[Axiom-developer] RE: FW: data structure vs. mathematical structure

[Page, Bill]

Ralf Hemmecke <address@hidden> writes:
> 
> [...]
> 
> | ++ A set over a domain D models the usual mathematical notion of
> | ++ a finite set of elements from D.
> | 
> | Although
> | 
> | i: Integer
> | 
> | and
> | 
> | s: FinitePowerSet T
> | 
> | would be in perfect analogy if one read ":" as "element of", then
> | to go on "l: List T" would mean "List" is the container of all
> | finite sequences (with some information about their representation
> | (linked list)).

On Tuesday, November 14, 2006 8:30 PM Gaby wrote:
>  
> And that would match the usual definition of List as the least fixed
> point of the functor
> 
>      X |-> 1 + X
> 
> in CPO.

In case anyone is wondering what Gaby is talking about, I think the
following paper by Dos Reis and Jarvi:

  What is Generic Programming?
  Library-Centric Software Design LCSD'05

http://lcsd05.cs.tamu.edu/papers/dos_reis_et_al.pdf

provides a good introduction.
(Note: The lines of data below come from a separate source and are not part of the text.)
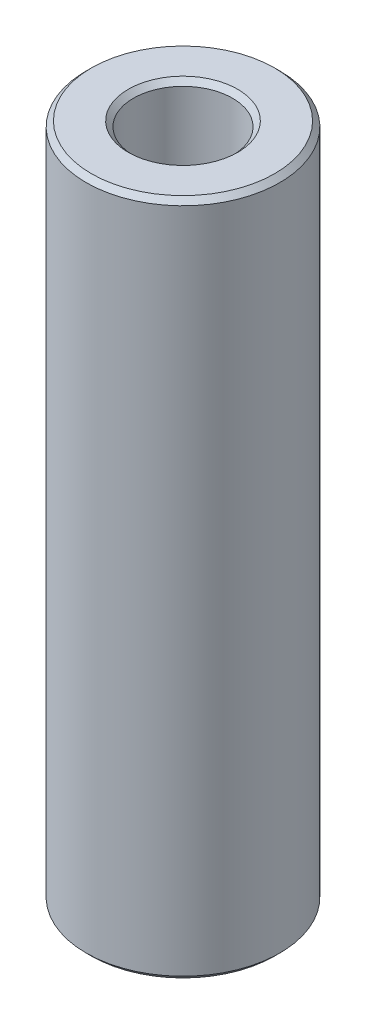
ISO-10303-21;
HEADER;
FILE_DESCRIPTION(('STEP AP214'),'2;1');
FILE_NAME('part.step','',(''),(''),'','','');
FILE_SCHEMA(('AUTOMOTIVE_DESIGN { 1 0 10303 214 1 1 1 1 }'));
ENDSEC;
DATA;
#1=APPLICATION_CONTEXT('core data for automotive mechanical design processes');
#2=APPLICATION_PROTOCOL_DEFINITION('international standard','automotive_design',2000,#1);
#3=PRODUCT_CONTEXT('',#1,'mechanical');
#4=PRODUCT('Part','Part','',(#3));
#5=PRODUCT_RELATED_PRODUCT_CATEGORY('part','',(#4));
#6=PRODUCT_DEFINITION_FORMATION('','',#4);
#7=PRODUCT_DEFINITION_CONTEXT('part definition',#1,'design');
#8=PRODUCT_DEFINITION('design','',#6,#7);
#9=PRODUCT_DEFINITION_SHAPE('','',#8);
#10=(LENGTH_UNIT() NAMED_UNIT(*) SI_UNIT(.MILLI.,.METRE.));
#11=(NAMED_UNIT(*) PLANE_ANGLE_UNIT() SI_UNIT($,.RADIAN.));
#12=(NAMED_UNIT(*) SI_UNIT($,.STERADIAN.) SOLID_ANGLE_UNIT());
#13=UNCERTAINTY_MEASURE_WITH_UNIT(LENGTH_MEASURE(1.E-05),#10,'distance_accuracy_value','');
#14=(GEOMETRIC_REPRESENTATION_CONTEXT(3) GLOBAL_UNCERTAINTY_ASSIGNED_CONTEXT((#13)) GLOBAL_UNIT_ASSIGNED_CONTEXT((#10,
#11,#12)) REPRESENTATION_CONTEXT('',''));
#15=CARTESIAN_POINT('',(0.,0.,0.));
#16=DIRECTION('',(0.,0.,1.));
#17=DIRECTION('',(1.,0.,0.));
#18=AXIS2_PLACEMENT_3D('',#15,#16,#17);
#19=CARTESIAN_POINT('',(0.,33.0835,0.));
#20=DIRECTION('',(0.,1.,0.));
#21=DIRECTION('',(0.,0.,1.));
#22=AXIS2_PLACEMENT_3D('',#19,#20,#21);
#23=CONICAL_SURFACE('',#22,2.4384,0.785398163397449);
#24=CARTESIAN_POINT('',(0.,33.0835,0.));
#25=DIRECTION('',(0.,1.,0.));
#26=DIRECTION('',(0.,0.,1.));
#27=AXIS2_PLACEMENT_3D('',#24,#25,#26);
#28=CIRCLE('',#27,2.4384);
#29=CARTESIAN_POINT('',(0.,33.0835,2.4384));
#30=VERTEX_POINT('',#29);
#31=EDGE_CURVE('E27',#30,#30,#28,.T.);
#32=ORIENTED_EDGE('',*,*,#31,.F.);
#33=EDGE_LOOP('',(#32));
#34=FACE_BOUND('',#33,.T.);
#35=CARTESIAN_POINT('',(0.,33.3375,0.));
#36=DIRECTION('',(0.,-1.,0.));
#37=DIRECTION('',(0.,0.,1.));
#38=AXIS2_PLACEMENT_3D('',#35,#36,#37);
#39=CIRCLE('',#38,2.6924);
#40=CARTESIAN_POINT('',(0.,33.3375,2.6924));
#41=VERTEX_POINT('',#40);
#42=EDGE_CURVE('E20',#41,#41,#39,.T.);
#43=ORIENTED_EDGE('',*,*,#42,.F.);
#44=EDGE_LOOP('',(#43));
#45=FACE_BOUND('',#44,.T.);
#46=ADVANCED_FACE('F16',(#34,#45),#23,.F.);
#47=CARTESIAN_POINT('',(0.,0.,0.));
#48=DIRECTION('',(0.,-1.,0.));
#49=DIRECTION('',(0.,0.,-1.));
#50=AXIS2_PLACEMENT_3D('',#47,#48,#49);
#51=CONICAL_SURFACE('',#50,2.6924,0.785398163397449);
#52=CARTESIAN_POINT('',(0.,0.254000000000004,0.));
#53=DIRECTION('',(0.,-1.,0.));
#54=DIRECTION('',(0.,0.,1.));
#55=AXIS2_PLACEMENT_3D('',#52,#53,#54);
#56=CIRCLE('',#55,2.4384);
#57=CARTESIAN_POINT('',(0.,0.254000000000004,2.4384));
#58=VERTEX_POINT('',#57);
#59=EDGE_CURVE('E11',#58,#58,#56,.T.);
#60=ORIENTED_EDGE('',*,*,#59,.F.);
#61=EDGE_LOOP('',(#60));
#62=FACE_BOUND('',#61,.T.);
#63=CARTESIAN_POINT('',(0.,0.,0.));
#64=DIRECTION('',(0.,1.,0.));
#65=DIRECTION('',(0.,0.,1.));
#66=AXIS2_PLACEMENT_3D('',#63,#64,#65);
#67=CIRCLE('',#66,2.6924);
#68=CARTESIAN_POINT('',(0.,0.,2.6924));
#69=VERTEX_POINT('',#68);
#70=EDGE_CURVE('E97',#69,#69,#67,.T.);
#71=ORIENTED_EDGE('',*,*,#70,.F.);
#72=EDGE_LOOP('',(#71));
#73=FACE_BOUND('',#72,.T.);
#74=ADVANCED_FACE('F147',(#62,#73),#51,.F.);
#75=CARTESIAN_POINT('',(0.,33.3375,0.));
#76=DIRECTION('',(0.,-1.,0.));
#77=DIRECTION('',(0.,0.,-1.));
#78=AXIS2_PLACEMENT_3D('',#75,#76,#77);
#79=CONICAL_SURFACE('',#78,4.5085,0.78539816339745);
#80=CARTESIAN_POINT('',(0.,33.3375,0.));
#81=DIRECTION('',(0.,1.,0.));
#82=DIRECTION('',(0.,0.,1.));
#83=AXIS2_PLACEMENT_3D('',#80,#81,#82);
#84=CIRCLE('',#83,4.5085);
#85=CARTESIAN_POINT('',(0.,33.3375,4.5085));
#86=VERTEX_POINT('',#85);
#87=EDGE_CURVE('E57',#86,#86,#84,.T.);
#88=ORIENTED_EDGE('',*,*,#87,.F.);
#89=EDGE_LOOP('',(#88));
#90=FACE_BOUND('',#89,.T.);
#91=CARTESIAN_POINT('',(0.,33.0835,0.));
#92=DIRECTION('',(0.,-1.,0.));
#93=DIRECTION('',(0.,0.,1.));
#94=AXIS2_PLACEMENT_3D('',#91,#92,#93);
#95=CIRCLE('',#94,4.7625);
#96=CARTESIAN_POINT('',(0.,33.0835,4.7625));
#97=VERTEX_POINT('',#96);
#98=EDGE_CURVE('E80',#97,#97,#95,.T.);
#99=ORIENTED_EDGE('',*,*,#98,.F.);
#100=EDGE_LOOP('',(#99));
#101=FACE_BOUND('',#100,.T.);
#102=ADVANCED_FACE('F152',(#90,#101),#79,.T.);
#103=CARTESIAN_POINT('',(0.,0.254000000000004,0.));
#104=DIRECTION('',(0.,1.,0.));
#105=DIRECTION('',(0.,0.,1.));
#106=AXIS2_PLACEMENT_3D('',#103,#104,#105);
#107=CONICAL_SURFACE('',#106,4.7625,0.785398163397443);
#108=CARTESIAN_POINT('',(0.,0.,0.));
#109=DIRECTION('',(0.,-1.,0.));
#110=DIRECTION('',(0.,0.,1.));
#111=AXIS2_PLACEMENT_3D('',#108,#109,#110);
#112=CIRCLE('',#111,4.5085);
#113=CARTESIAN_POINT('',(0.,0.,4.5085));
#114=VERTEX_POINT('',#113);
#115=EDGE_CURVE('E72',#114,#114,#112,.T.);
#116=ORIENTED_EDGE('',*,*,#115,.F.);
#117=EDGE_LOOP('',(#116));
#118=FACE_BOUND('',#117,.T.);
#119=CARTESIAN_POINT('',(0.,0.254000000000004,0.));
#120=DIRECTION('',(0.,1.,0.));
#121=DIRECTION('',(0.,0.,1.));
#122=AXIS2_PLACEMENT_3D('',#119,#120,#121);
#123=CIRCLE('',#122,4.7625);
#124=CARTESIAN_POINT('',(0.,0.254000000000004,4.7625));
#125=VERTEX_POINT('',#124);
#126=EDGE_CURVE('E86',#125,#125,#123,.T.);
#127=ORIENTED_EDGE('',*,*,#126,.F.);
#128=EDGE_LOOP('',(#127));
#129=FACE_BOUND('',#128,.T.);
#130=ADVANCED_FACE('F175',(#118,#129),#107,.T.);
#131=CARTESIAN_POINT('',(0.,33.3375,0.));
#132=DIRECTION('',(0.,-1.,0.));
#133=DIRECTION('',(0.,0.,-1.));
#134=AXIS2_PLACEMENT_3D('',#131,#132,#133);
#135=CYLINDRICAL_SURFACE('',#134,2.4384);
#136=ORIENTED_EDGE('',*,*,#59,.T.);
#137=EDGE_LOOP('',(#136));
#138=FACE_BOUND('',#137,.T.);
#139=ORIENTED_EDGE('',*,*,#31,.T.);
#140=EDGE_LOOP('',(#139));
#141=FACE_BOUND('',#140,.T.);
#142=ADVANCED_FACE('F18',(#138,#141),#135,.F.);
#143=CARTESIAN_POINT('',(0.,33.3375,0.));
#144=DIRECTION('',(0.,-1.,0.));
#145=DIRECTION('',(0.,0.,-1.));
#146=AXIS2_PLACEMENT_3D('',#143,#144,#145);
#147=CYLINDRICAL_SURFACE('',#146,4.7625);
#148=ORIENTED_EDGE('',*,*,#126,.T.);
#149=EDGE_LOOP('',(#148));
#150=FACE_BOUND('',#149,.T.);
#151=ORIENTED_EDGE('',*,*,#98,.T.);
#152=EDGE_LOOP('',(#151));
#153=FACE_BOUND('',#152,.T.);
#154=ADVANCED_FACE('F87',(#150,#153),#147,.T.);
#155=CARTESIAN_POINT('',(0.,0.,0.));
#156=DIRECTION('',(0.,1.,0.));
#157=DIRECTION('',(1.,0.,0.));
#158=AXIS2_PLACEMENT_3D('',#155,#156,#157);
#159=PLANE('',#158);
#160=ORIENTED_EDGE('',*,*,#70,.T.);
#161=EDGE_LOOP('',(#160));
#162=FACE_BOUND('',#161,.T.);
#163=ORIENTED_EDGE('',*,*,#115,.T.);
#164=EDGE_LOOP('',(#163));
#165=FACE_BOUND('',#164,.T.);
#166=ADVANCED_FACE('F165',(#162,#165),#159,.F.);
#167=CARTESIAN_POINT('',(0.,33.3375,0.));
#168=DIRECTION('',(0.,1.,0.));
#169=DIRECTION('',(1.,0.,0.));
#170=AXIS2_PLACEMENT_3D('',#167,#168,#169);
#171=PLANE('',#170);
#172=ORIENTED_EDGE('',*,*,#42,.T.);
#173=EDGE_LOOP('',(#172));
#174=FACE_BOUND('',#173,.T.);
#175=ORIENTED_EDGE('',*,*,#87,.T.);
#176=EDGE_LOOP('',(#175));
#177=FACE_BOUND('',#176,.T.);
#178=ADVANCED_FACE('F161',(#174,#177),#171,.T.);
#179=CLOSED_SHELL('',(#46,#74,#102,#130,#142,#154,#166,#178));
#180=MANIFOLD_SOLID_BREP('B1',#179);
#181=ADVANCED_BREP_SHAPE_REPRESENTATION('',(#18,#180),#14);
#182=SHAPE_DEFINITION_REPRESENTATION(#9,#181);
ENDSEC;
END-ISO-10303-21;

It defines a List as the least fixed
point of

      X |-> 1 + T x X

Hopefully a future paper will deal more specifically with Axiom. :-)

In Axiom List could be defined something like this

  List(T:Type):ListAggregate == add
    Rep == Union(nil,Record(first:T,rest:%))
    ...

(perhaps it is in Aldor?) but in fact the actual definition refers
directly to the underlying Lisp architecture.

There is also a recent paper by Pablo Nogueira
http://www.cs.nott.ac.uk/~pni

  When is an Abstract Data Type a Functor? (31 Oct 06)
  7th Symposium on Trends in Functional Programming (TFP'06)

http://www.cs.nott.ac.uk/~pni/Papers/adt-functors.pdf

It contains a lot of references to Haskell and some category theory
but most of what it says about ADTs can also be applied to Axiom.

See also

http://www.cs.nott.ac.uk/~pni/Papers/index.html

> 
> However, the existence of 1.. in Axiom would suggest that actually
> some people think of List as the greatest fixed point.
> 

I don't think so.

In Axiom 1.. is called a UniversalSegment or a "Segment which may
be half open". Open segments can be expanded as Streams.

(1) -> expand(1..)

   (1)  [1,2,3,4,5,6,7,8,9,10,...]
                                             Type: Stream Integer

Formally Streams are defined as the greatest fixed point of the
functor

   X |-> T x X

Streams are like Lists but can be infinite. Axiom has both lists and
streams. E.g.

(2) -> generate(x+->nextItem(x),0)$Stream(INT)

   (2)  [0,1,- 1,2,- 2,3,- 3,4,- 4,5,...]
                                             Type: Stream Integer

Regards,
Bill Page.